What are the technical characteristics of supersonic spraying?

       Compared with other HVOF spraying technologies, HVOF spraying technology has the characteristics of higher spraying particle velocity and lower spraying temperature. These two properties not only ensure high bond strength of the abrasion resistant coating prepared from HVOF, but also ensure less heat input to the substrate, thus preventing the interface between the coating and the substrate from oxidation and Substrate deformation. . The formation principle of supersonic flame flow is: due to the heating and evaporation of heat in the combustion zone and the droplet group, the vaporized aviation kerosene is fully mixed with the combustion-supporting gas, and then ignited and burned, releasing a large amount of heat and causing the temperature of the combustion product to sharply rise. It rises and expands violently, forming a mass of high temperature and high pressure air. The air mass is accelerated through the Laval nozzle to create a shock wave that continuously provides heat and kinetic energy to the sprayed powder.

 

The main technical characteristics of supersonic spraying are as follows:

 

1) Less heat input. Compared with thermal spraying techniques such as plasma spraying and arc spraying, HVOF has a lower flame temperature (adjustable from 600K-2200K). The lower flame temperature ensures that the coating is not oxidized during spraying and prevents the growth of nanoparticles. At the same time, the lower flame temperature prevents deformation of the substrate.

 

2) Higher particle velocity. After the sprayed particles pass through the barrel, they typically accelerate to a speed of a Mach 3-5 cone. The particles moving at high speed reach the substrate and collide with the substrate to form a dense coating. In general, the higher the particle velocity, the better the flattening of the particles and the higher the bond strength. The flight speed of HVOF thermal spray technology particles is significantly better than other thermal spray technologies. In HVOF technology, the supersonic flame flow accelerates the particles, while other thermal spray technologies use compressed gas to bring the particles to the surface of the substrate.

 

3) Higher deposition efficiency. Compared to coating preparation techniques such as brush plating, PVD, CVD, and sputtering, HVOF technology can produce coatings of required thickness in a relatively short period of time, while the other spraying techniques mentioned above usually take several minutes. hours to complete.

4) The spraying limit is small. HVOF technology can spray both large workpieces outdoors and small workpieces, and the spray thickness is controllable.

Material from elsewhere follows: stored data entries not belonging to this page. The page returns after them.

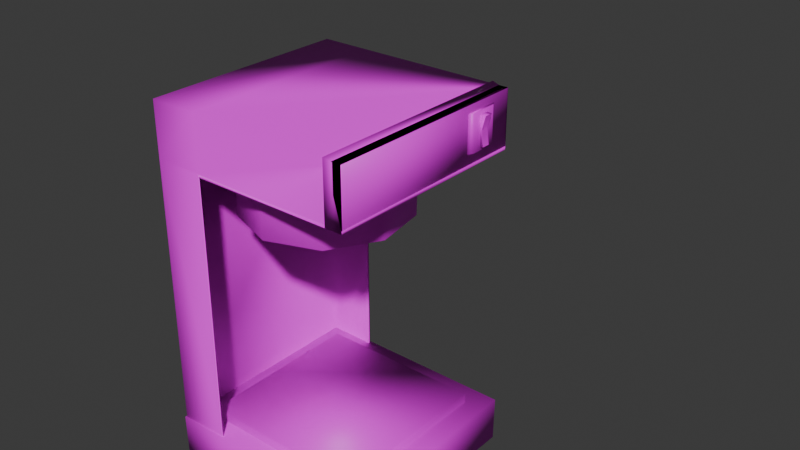 # Source: coffee_maker.blend  (saved by Blender 4.0.36; exported with 4.5.12 LTS)
import bpy
from mathutils import Matrix  # noqa: F401  (used for matrix-valued properties, if any)

bpy.ops.wm.read_factory_settings(use_empty=True)
scene = bpy.context.scene
scene.name = 'Scene'

# ---- collections
col_coffee_maker = bpy.data.collections.new('coffee maker'); scene.collection.children.link(col_coffee_maker)

# ---- images (referenced by path relative to the original .blend; pixels are not part of the script)
import os
ASSET_DIR = os.environ.get("B2B_ASSET_DIR", "")  # directory of the original .blend (textures are referenced by path, not embedded)
HERE = os.path.dirname(os.path.abspath(__file__))  # packed textures are extracted next to this script under _unpacked/

def load_image(name, relpath, width, height, colorspace="sRGB"):
    """Load a texture the original file referenced (path relative to the .blend, or extracted next to this script)."""
    p = next((c for c in (os.path.join(HERE, relpath), os.path.join(ASSET_DIR, relpath)) if relpath and os.path.exists(c)), "")
    if p:
        img = bpy.data.images.load(p, check_existing=True)
        img.name = name
    else:  # same state as the original file: an image datablock whose file is absent (Cycles renders it pink)
        img = bpy.data.images.new(name, width, height)
        img.source = "FILE"
        img.filepath = "//" + (relpath or name)
    img.colorspace_settings.name = colorspace
    return img
img_coffee_maker = load_image('coffee maker', 'coffee maker dirty.png', 1024, 1024, 'sRGB')

# ---- materials (node trees are filled in below, after node groups)
mat_material = bpy.data.materials.new('Material')
mat_material.alpha_threshold = 0.0
mat_material.use_transparent_shadow = False
mat_material.roughness = 0.5
mat_material.line_color = (0.0, 0.0, 0.0, 1.0)

# ---- material node trees
mat_material.use_nodes = True; mat_material.node_tree.nodes.clear()
_N = mat_material.node_tree.nodes; _L = mat_material.node_tree.links
n0 = _N.new('ShaderNodeOutputMaterial'); n0.name = 'Material Output'; n0.location = (300, 300)
n1 = _N.new('ShaderNodeBsdfPrincipled'); n1.name = 'Principled BSDF'; n1.location = (10, 300)
n1.inputs[3].default_value = 1.45
n2 = _N.new('ShaderNodeTexImage'); n2.name = 'Image Texture'; n2.location = (-334, 228)
n2.image = img_coffee_maker
_L.new(n1.outputs[0], n0.inputs[0])
_L.new(n2.outputs[0], n1.inputs[0])
n0.is_active_output = True

# ---- world
world_world = bpy.data.worlds.new('World'); scene.world = world_world
world_world.use_nodes = True; world_world.node_tree.nodes.clear()
_N = world_world.node_tree.nodes; _L = world_world.node_tree.links
n0 = _N.new('ShaderNodeOutputWorld'); n0.name = 'World Output'; n0.location = (300, 300)
n1 = _N.new('ShaderNodeBackground'); n1.name = 'Background'; n1.location = (10, 300)
n1.inputs[0].default_value = (0.05088, 0.05088, 0.05088, 1.0)
_L.new(n1.outputs[0], n0.inputs[0])
n0.is_active_output = True
world_world.color = (0.05088, 0.05088, 0.05088)
world_world.use_sun_shadow = False
world_world.sun_shadow_jitter_overblur = 0.0

# ---- meshes
me_cube = bpy.data.meshes.new('Cube')
me_cube.from_pydata([(1.0, 1.0, 1.0), (1.0, 1.0, -1.0), (1.0, -1.0, 1.0), (1.0, -1.0, -1.0), (-1.0, 1.0, 1.0), (-1.0, 1.0, -1.0), (-1.0, -1.0, 1.0), (-1.0, -1.0, -1.0), (1.0, -1.0, 1.346), (-1.0, -1.0, 1.346), (1.0, 1.0, 1.346), (-1.0, 1.0, 1.346), (-1.0, 1.0, -1.0), (-1.0, -1.0, -1.0), (1.0, 1.0, -1.0), (1.0, 1.0, 1.0), (-1.0, -1.0, 1.0), (1.0, -1.0, 1.0), (1.0, -1.0, -1.0), (-1.0, 1.0, 1.0), (-1.0, 1.0, -1.0), (-1.0, -1.0, -1.0), (1.0, 1.0, -1.0), (1.0, 1.0, 1.0), (-1.0, -1.0, 1.0), (1.0, -1.0, 1.0), (1.0, -1.0, -1.0), (-1.0, 1.0, 1.0), (-1.0, 1.0, -0.7378), (-0.07676, -0.8993, 1.269), (-0.6627, -0.6861, 1.269), (-0.9745, -0.1461, 1.269), (-0.8662, 0.468, 1.269), (-0.3885, 0.8688, 1.269), (0.235, 0.8688, 1.269), (1.0, -1.0, -0.7378), (0.7127, 0.468, 1.269), (1.0, 1.0, -0.7378), (0.821, -0.1461, 1.269), (-1.0, -1.0, -0.7378), (0.5092, -0.6861, 1.269), (-0.07676, -0.7474, 1.269), (-0.5294, 1.0, -1.0), (-0.5294, -1.0, 1.0), (-0.5294, -1.0, -1.0), (-0.5294, 1.0, 1.0), (-0.5294, -1.0, 1.346), (-0.5294, 1.0, 1.346), (-0.5294, 1.0, -1.0), (-0.5294, -1.0, 1.0), (-0.5294, -1.0, -1.0), (-0.5294, 1.0, 1.0), (-0.5294, 1.0, -1.0), (-0.5294, -1.0, 1.0), (-0.5294, -1.0, -1.0), (-0.5294, 1.0, 1.0), (-0.5294, -1.0, -0.7378), (-0.5294, 1.0, -0.7378), (1.0, 1.0, -0.7356), (1.0, -1.0, -0.7356), (1.0, 1.0, -0.7356), (1.0, -1.0, -0.7356), (1.0, 1.0, -0.7356), (-1.0, -1.0, -0.7356), (1.0, -1.0, -0.7356), (-1.0, 1.0, -0.7356), (-0.5294, 1.0, -0.7356), (-0.5294, -1.0, -0.7356), (-0.5651, -0.5697, 1.269), (-0.8249, -0.1197, 1.269), (-0.7346, 0.3921, 1.269), (-0.3366, 0.7261, 1.269), (0.1831, 0.7261, 1.269), (0.5811, 0.3921, 1.269), (0.6714, -0.1197, 1.269), (0.4115, -0.5697, 1.269), (0.5092, -0.6861, 1.269), (-0.07676, -0.8993, 1.269), (0.821, -0.1461, 1.269), (0.7127, 0.468, 1.269), (0.235, 0.8688, 1.269), (-0.3885, 0.8688, 1.269), (-0.8662, 0.468, 1.269), (-0.9745, -0.1461, 1.269), (-0.6627, -0.6861, 1.269), (0.4115, -0.5697, 1.269), (-0.07676, -0.7474, 1.269), (0.6714, -0.1197, 1.269), (0.5811, 0.3921, 1.269), (0.1831, 0.7261, 1.269), (-0.3366, 0.7261, 1.269), (-0.7346, 0.3921, 1.269), (-0.8249, -0.1197, 1.269), (-0.5651, -0.5697, 1.269), (-0.3885, 0.8688, 1.111), (-0.3885, 0.8688, 1.111), (0.235, 0.8688, 1.111), (-0.8662, 0.468, 1.111), (0.821, -0.1461, 1.111), (0.7127, 0.468, 1.111), (-0.9745, -0.1461, 1.111), (-0.6627, -0.6861, 1.111), (-0.07676, -0.8993, 1.111), (0.4115, -0.5697, 1.269), (-0.07676, -0.7474, 1.269), (0.6714, -0.1197, 1.269), (0.5811, 0.3921, 1.269), (0.1831, 0.7261, 1.269), (-0.3366, 0.7261, 1.269), (-0.7346, 0.3921, 1.269), (-0.8249, -0.1197, 1.269), (-0.5651, -0.5697, 1.269), (-0.2689, -0.2229, 0.5238), (-0.3645, -0.05727, 0.5238), (-0.3313, 0.131, 0.5238), (-0.1849, 0.2539, 0.5238), (0.006349, 0.2539, 0.5238), (0.1528, 0.131, 0.5238), (0.186, -0.05727, 0.5238), (-0.08926, -0.2883, 0.5238), (0.09042, -0.2229, 0.5238), (0.235, 0.8688, 1.111), (-0.8662, 0.468, 1.111), (0.7127, 0.468, 1.111), (-0.9745, -0.1461, 1.111), (0.821, -0.1461, 1.111), (-0.6627, -0.6861, 1.111), (0.5092, -0.6861, 1.111), (0.5811, 0.3921, 1.111), (0.6714, -0.1197, 1.111), (0.1831, 0.7261, 1.111), (-0.3366, 0.7261, 1.111), (-0.7346, 0.3921, 1.111), (-0.8249, -0.1197, 1.111), (-0.5651, -0.5697, 1.111), (0.399, -0.5907, 0.6409), (-0.08926, -0.7684, 0.6409), (0.6589, -0.1406, 0.6409), (0.5686, 0.3711, 0.6409), (0.1706, 0.7051, 0.6409), (-0.3491, 0.7051, 0.6409), (-0.7471, 0.3711, 0.6409), (-0.8374, -0.1406, 0.6409), (-0.5776, -0.5907, 0.6409), (0.1973, -0.3144, 1.111), (-0.07676, -0.4142, 1.111), (0.3432, -0.06181, 1.111), (0.2925, 0.2254, 1.111), (0.06908, 0.4129, 1.111), (-0.2226, 0.4129, 1.111), (-0.446, 0.2254, 1.111), (-0.4967, -0.06181, 1.111), (-0.3508, -0.3144, 1.111), (0.0116, -0.1289, 0.5238), (-0.08926, -0.1656, 0.5238), (0.06526, -0.03597, 0.5238), (0.04662, 0.06973, 0.5238), (-0.03559, 0.1387, 0.5238), (-0.1429, 0.1387, 0.5238), (-0.2251, 0.06973, 0.5238), (-0.2438, -0.03597, 0.5238), (-0.1901, -0.1289, 0.5238), (0.8528, 1.0, 1.0), (0.8528, -1.0, 1.0), (0.8528, 1.0, 1.346), (0.8528, -1.0, 1.346), (0.9983, 1.005, 1.0), (0.9983, -0.9954, 1.0), (0.9983, 1.005, 1.346), (0.9983, -0.9954, 1.346), (-0.7954, -0.8143, -0.7378), (0.8187, -0.8143, -0.7378), (-0.7954, 0.7998, -0.7378), (0.8187, 0.7998, -0.7378), (-0.7954, 0.7998, -0.7378), (-0.7954, -0.8143, -0.7378), (0.8187, -0.8143, -0.7378), (0.8187, 0.7998, -0.7378), (-0.7954, 0.7998, -0.7378), (-0.7954, -0.8143, -0.7378), (0.8187, -0.8143, -0.7378), (0.8187, 0.7998, -0.7378), (-0.7954, 0.7998, -0.7378), (-0.7954, -0.8143, -0.7378), (0.8187, -0.8143, -0.7378), (0.8187, 0.7998, -0.7378), (-0.7954, 0.7998, -0.6634), (-0.7954, -0.8143, -0.6634), (0.8187, -0.8143, -0.6634), (0.8187, 0.7998, -0.6634), (0.9983, 0.8142, 1.296), (0.9983, 0.4717, 1.296), (0.9983, 0.4717, 1.066), (0.9983, 0.8142, 1.066), (1.025, 0.7692, 1.296), (1.025, 0.5167, 1.296), (1.025, 0.5167, 1.066), (1.025, 0.7692, 1.066), (1.025, 0.6823, 1.274), (1.025, 0.6036, 1.274), (1.025, 0.6036, 1.089), (1.025, 0.6823, 1.089), (1.072, 0.6823, 1.272), (1.072, 0.6036, 1.272), (1.054, 0.6036, 1.089), (1.054, 0.6823, 1.089), (1.025, 0.6036, 1.182), (1.025, 0.6823, 1.182), (1.036, 0.6036, 1.184), (1.036, 0.6823, 1.184), (-1.241, 3.675, -1.139), (-0.7792, 3.484, -1.139), (-0.9983, 3.265, -0.4801), (-0.588, 3.023, -1.139), (-0.8979, 3.023, -0.4801), (-0.7792, 2.561, -1.139), (-1.241, 2.37, -1.139), (-1.241, 2.68, -0.4801), (-1.702, 2.561, -1.139), (-1.483, 2.78, -0.4801), (-1.894, 3.023, -1.139), (-1.584, 3.023, -0.4801), (-1.702, 3.484, -1.139), (-1.127, 3.136, -0.3752), (-1.241, 3.183, -0.3752), (-1.08, 3.023, -0.3752), (-1.127, 2.909, -0.3752), (-1.241, 2.862, -0.3752), (-1.354, 2.909, -0.3752), (-1.401, 3.023, -0.3752), (-1.354, 3.136, -0.3752), (-1.003, 3.26, -0.4801), (-1.478, 2.785, -0.4801), (-1.577, 3.023, -0.4801), (-1.241, 3.675, -1.139), (-0.7792, 3.484, -1.139), (-0.9996, 3.264, -0.4801), (-1.241, 3.364, -0.4801), (-0.588, 3.023, -1.139), (-0.8998, 3.023, -0.4801), (-0.7792, 2.561, -1.139), (-0.9996, 2.781, -0.4801), (-1.241, 2.37, -1.139), (-1.241, 2.682, -0.4801), (-1.702, 2.561, -1.139), (-1.482, 2.781, -0.4801), (-1.894, 3.023, -1.139), (-1.582, 3.023, -0.4801), (-1.702, 3.484, -1.139), (-1.482, 3.264, -0.4801), (-0.9983, 3.265, -0.3752), (-1.241, 3.365, -0.3752), (-0.8979, 3.023, -0.3752), (-0.9983, 2.78, -0.3752), (-1.241, 2.68, -0.3752), (-1.483, 2.78, -0.3752), (-1.584, 3.023, -0.3752), (-1.483, 3.265, -0.3752), (-1.241, 3.613, -1.007), (-1.241, 3.551, -0.8756), (-1.241, 3.488, -0.7438), (-1.241, 3.426, -0.612), (-0.9556, 3.308, -0.612), (-0.9115, 3.352, -0.7438), (-0.8674, 3.396, -0.8756), (-0.8233, 3.44, -1.007), (-0.8374, 3.023, -0.612), (-0.7751, 3.023, -0.7438), (-0.7127, 3.023, -0.8756), (-0.6504, 3.023, -1.007), (-0.9556, 2.737, -0.612), (-0.9115, 2.693, -0.7438), (-0.8674, 2.649, -0.8756), (-0.8233, 2.605, -1.007), (-1.241, 2.619, -0.612), (-1.241, 2.557, -0.7438), (-1.241, 2.494, -0.8756), (-1.241, 2.432, -1.007), (-1.526, 2.737, -0.612), (-1.526, 3.308, -0.612), (1.0, 1.0, 0.98), (1.008, 1.008, -1.016), (1.0, -1.0, 0.98), (1.008, -1.008, -1.016), (-0.9918, 0.9918, 0.9837), (-1.008, 1.008, -1.016), (-0.9918, -0.9918, 0.9837), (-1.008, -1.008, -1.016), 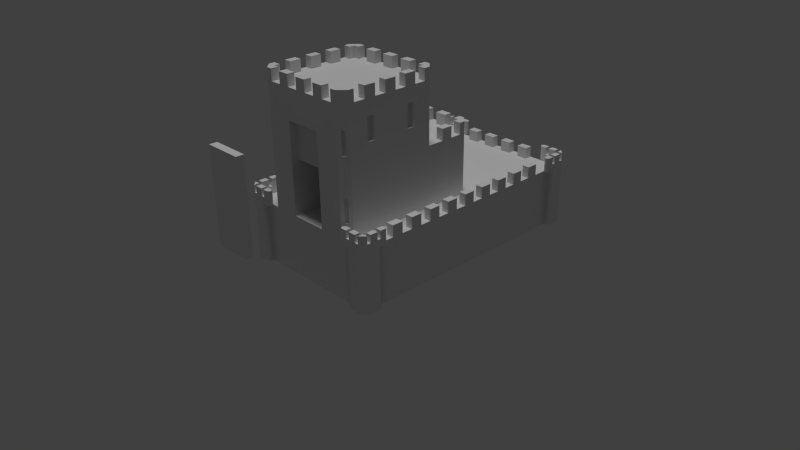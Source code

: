 # Source: FC_new_2.blend  (saved by Blender 2.76.0; exported with 4.5.12 LTS)
import bpy
from mathutils import Matrix  # noqa: F401  (used for matrix-valued properties, if any)

bpy.ops.wm.read_factory_settings(use_empty=True)
scene = bpy.context.scene
scene.name = 'Scene'

# ---- collections
col_collection_1 = bpy.data.collections.new('Collection 1'); scene.collection.children.link(col_collection_1)

# ---- materials (node trees are filled in below, after node groups)
mat_material_002 = bpy.data.materials.new('Material.002')
mat_material_002.alpha_threshold = 0.0
mat_material_002.use_transparent_shadow = False
mat_material_002.roughness = 0.5

# ---- material node trees

# ---- world
world_world = bpy.data.worlds.new('World'); scene.world = world_world
world_world.color = (0.05088, 0.05088, 0.05088)
world_world.use_sun_shadow = False
world_world.sun_shadow_jitter_overblur = 0.0
world_world.cycles.sampling_method = 'MANUAL'
world_world.cycles.sample_map_resolution = 256

# ---- cameras
cam_camera = bpy.data.cameras.new('Camera')
cam_camera.clip_end = 100.0
cam_camera.lens = 35.0
cam_camera.sensor_width = 32.0
cam_camera.sensor_height = 18.0
cam_camera.ortho_scale = 7.314
cam_camera.dof.focus_distance = 0.0
cam_camera.dof.aperture_fstop = 128.0

# ---- lights
light_hemi = bpy.data.lights.new('Hemi', 'SUN')
light_hemi.transmission_factor = 0.0
light_hemi.angle = 0.1993
light_hemi.energy = 1.0
light_hemi.shadow_buffer_clip_start = 0.5
light_hemi.shadow_soft_size = 0.1
light_hemi.shadow_cascade_max_distance = 1000.0
light_hemi.cycles.use_multiple_importance_sampling = False

# ---- meshes
me_cube = bpy.data.meshes.new('Cube')
me_cube.from_pydata([(0.975, 2.45, 0.0), (0.975, -1.0, 0.0), (0.975, 2.45, 0.8), (0.975, -1.0, 0.8), (0.775, -1.0, 0.0), (0.975, -0.8, 0.8), (0.975, -0.8, 0.0), (0.975, -1.075, -4.284e-08), (0.975, -1.075, 0.8), (1.05, -1.0, 5.563e-08), (1.05, -1.0, 0.8), (0.775, -1.075, 0.9), (0.975, -1.075, 0.9), (0.975, -0.8, 0.9), (0.975, -1.0, 0.9), (0.775, -1.0, 0.9), (1.05, -0.8, 0.9), (1.05, -1.0, 0.9), (0.225, 0.4, 2.4), (0.225, 0.4, 2.55), (0.7, -0.9, 0.8), (0.6, -1.0, 0.8), (0.775, -1.0, 0.8), (0.6, -1.0, 2.4), (0.7, -0.9, 2.4), (0.7, -0.9, 1.6), (0.6, -1.0, 1.6), (0.6, 0.4, 1.6), (0.7, 0.3, 1.6), (0.7, 0.3, 2.4), (0.6, 0.4, 2.4), (0.7, 0.9, 1.6), (0.6, 1.0, 1.6), (0.6, 1.0, 0.8), (0.7, 0.9, 0.8), (0.875, -0.55, 0.8), (0.875, -0.55, 0.95), (0.875, -0.4, 0.8), (0.875, -0.4, 0.95), (0.975, -0.55, 0.8), (0.975, -0.55, 0.95), (0.975, -0.4, 0.8), (0.975, -0.4, 0.95), (0.675, -1.05, 0.8), (0.925, -1.075, 0.9), (0.6, -1.0, 2.1), (0.675, -1.05, 0.9), (1.025, -0.7, 0.9), (1.025, -0.7, 0.8), (0.7, -0.225, 2.55), (0.7, -0.225, 2.4), (0.7, -0.375, 2.55), (0.7, -0.375, 2.4), (0.6, -0.225, 2.55), (0.6, -0.225, 2.4), (0.6, -0.375, 2.55), (0.6, -0.375, 2.4), (0.7, 0.075, 2.55), (0.7, 0.075, 2.4), (0.7, -0.075, 2.55), (0.7, -0.075, 2.4), (0.6, 0.075, 2.55), (0.6, 0.075, 2.4), (0.6, -0.075, 2.55), (0.6, -0.075, 2.4), (0.7, -0.525, 2.55), (0.7, -0.525, 2.4), (0.7, -0.675, 2.55), (0.7, -0.675, 2.4), (0.6, -0.525, 2.55), (0.6, -0.525, 2.4), (0.6, -0.675, 2.55), (0.6, -0.675, 2.4), (0.7, -0.825, 2.55), (0.7, -0.825, 2.4), (0.6, -1.0, 2.55), (0.6, -1.0, 2.4), (0.6, -0.9, 2.55), (0.6, -0.9, 2.4), (0.525, -1.0, 2.55), (0.525, -1.0, 2.4), (0.7, -0.9, 2.55), (0.7, -0.9, 2.4), (0.6, -0.825, 2.55), (0.6, -0.825, 2.4), (0.525, -0.9, 2.55), (0.525, -0.9, 2.4), (0.525, 0.4, 2.55), (0.525, 0.4, 2.4), (0.7, 0.3, 2.55), (0.7, 0.3, 2.4), (0.6, 0.3, 2.55), (0.6, 0.3, 2.4), (0.7, 0.225, 2.55), (0.7, 0.225, 2.4), (0.6, 0.4, 2.55), (0.6, 0.4, 2.4), (0.525, 0.3, 2.55), (0.525, 0.3, 2.4), (0.6, 0.225, 2.55), (0.6, 0.225, 2.4), (0.875, -0.25, 0.8), (0.875, -0.25, 0.95), (0.875, -0.1, 0.8), (0.875, -0.1, 0.95), (0.975, -0.25, 0.8), (0.975, -0.25, 0.95), (0.975, -0.1, 0.8), (0.975, -0.1, 0.95), (0.875, 0.05, 0.8), (0.875, 0.05, 0.95), (0.875, 0.2, 0.8), (0.875, 0.2, 0.95), (0.975, 0.05, 0.8), (0.975, 0.05, 0.95), (0.975, 0.2, 0.8), (0.975, 0.2, 0.95), (0.875, 0.35, 0.8), (0.875, 0.35, 0.95), (0.875, 0.5, 0.8), (0.875, 0.5, 0.95), (0.975, 0.35, 0.8), (0.975, 0.35, 0.95), (0.975, 0.5, 0.8), (0.975, 0.5, 0.95), (0.875, 0.65, 0.8), (0.875, 0.65, 0.95), (0.875, 0.8, 0.8), (0.875, 0.8, 0.95), (0.975, 0.65, 0.8), (0.975, 0.65, 0.95), (0.975, 0.8, 0.8), (0.975, 0.8, 0.95), (0.875, 0.95, 0.8), (0.875, 0.95, 0.95), (0.875, 1.1, 0.8), (0.875, 1.1, 0.95), (0.975, 0.95, 0.8), (0.975, 0.95, 0.95), (0.975, 1.1, 0.8), (0.975, 1.1, 0.95), (0.875, 1.25, 0.8), (0.875, 1.25, 0.95), (0.875, 1.4, 0.8), (0.875, 1.4, 0.95), (0.975, 1.25, 0.8), (0.975, 1.25, 0.95), (0.975, 1.4, 0.8), (0.975, 1.4, 0.95), (0.875, 1.55, 0.8), (0.875, 1.55, 0.95), (0.875, 1.7, 0.8), (0.875, 1.7, 0.95), (0.975, 1.55, 0.8), (0.975, 1.55, 0.95), (0.975, 1.7, 0.8), (0.975, 1.7, 0.95), (0.875, 1.85, 0.8), (0.875, 1.85, 0.95), (0.875, 2.0, 0.8), (0.875, 2.0, 0.95), (0.975, 1.85, 0.8), (0.975, 1.85, 0.95), (0.975, 2.0, 0.8), (0.975, 2.0, 0.95), (0.975, 2.25, 0.0), (0.975, 2.25, 0.8), (0.775, 2.45, 0.0), (0.775, 2.45, 0.8), (1.025, 2.45, -8.196e-08), (0.975, 2.5, 0.0), (0.975, 2.525, 0.9), (1.05, 2.25, 0.9), (0.975, 2.25, 0.9), (0.775, 2.45, 0.9), (1.05, 2.45, 0.9), (0.975, 2.45, 0.9), (0.775, 2.525, 0.9), (1.025, 2.15, 0.8), (1.05, 2.4, 0.9), (0.825, 2.45, 0.9), (1.025, 2.15, 0.9), (0.675, 2.5, 0.9), (0.675, 2.5, 0.8), (0.525, 2.35, 0.8), (0.525, 2.35, 0.95), (0.375, 2.35, 0.8), (0.375, 2.35, 0.95), (0.525, 2.45, 0.8), (0.525, 2.45, 0.95), (0.375, 2.45, 0.8), (0.375, 2.45, 0.95), (0.225, 2.35, 0.8), (0.225, 2.35, 0.95), (0.075, 2.35, 0.8), (0.075, 2.35, 0.95), (0.225, 2.45, 0.8), (0.225, 2.45, 0.95), (0.075, 2.45, 0.8), (0.075, 2.45, 0.95), (0.525, 1.0, 1.75), (0.525, 1.0, 1.6), (0.7, 0.9, 1.75), (0.7, 0.9, 1.6), (0.6, 0.9, 1.75), (0.6, 0.9, 1.6), (0.7, 0.825, 1.75), (0.7, 0.825, 1.6), (0.6, 1.0, 1.75), (0.6, 1.0, 1.6), (0.525, 0.9, 1.75), (0.525, 0.9, 1.6), (0.6, 0.825, 1.75), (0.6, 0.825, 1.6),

5) At present, the shortcomings of this technology are mainly concentrated in: it is difficult to apply to the spraying of complex parts; the spraying environment is harsh; the spraying cost is too high.

2. Bonding mechanism of wear-resistant coatings on aluminum substrates

 

The process of forming the wear-resistant coating generally includes the following processes: the heating and melting process of the sprayed particles, the acceleration process of the droplet in the barrel, the flight process of the droplet in the barrel, the droplet reaching the surface of the substrate and interacting with the substrate. The material is collided and deformed and deposited on the substrate.

Different spray parameters and processes determine how the coatings are combined. The bonding methods of coating and substrate mainly include metallurgical bonding, mechanical bonding, diffusion bonding and physical bonding.

1) Metallurgical bonding: Metallurgical bonding belongs to the bonding between chemical bonds, usually in two ways. One is to form a transition layer compound between the coating and the substrate, thereby achieving bonding. The other is the formation of solid solution in the transition layer to form a bond. Compared with other bonding methods, metallurgical bonding has the highest bonding strength.

2) Mechanical bonding: also known as mechanical riveting. The molten particles flying at high speed fly to the surface of the roughened substrate and collide with the substrate. The molten particles are flattened by the impact and spread out on the surface of the substrate. The molten particles contract and bite the bumps on the surface of the substrate during subsequent condensation, forming mechanical bonds.

3) Diffusion bonding: After the molten particles collide violently with the substrate, a large amount of kinetic energy is converted into heat energy, so that the temperature of the local contact point reaches above the melting point of the substrate, and local melting occurs. The elements in the particles and the elements in the base material diffuse with each other at the micro-melting point, thereby forming a diffusion bond.

4) Physical combination: When the high-speed flying particles are in contact with the extremely clean surface of the substrate, the high speed of the particles makes it possible to fly to the range of the atomic lattice constant (<0.5nm), the particles fully wet the substrate, and the particles are in the van der Waals range. A physical bond is formed under the action of force.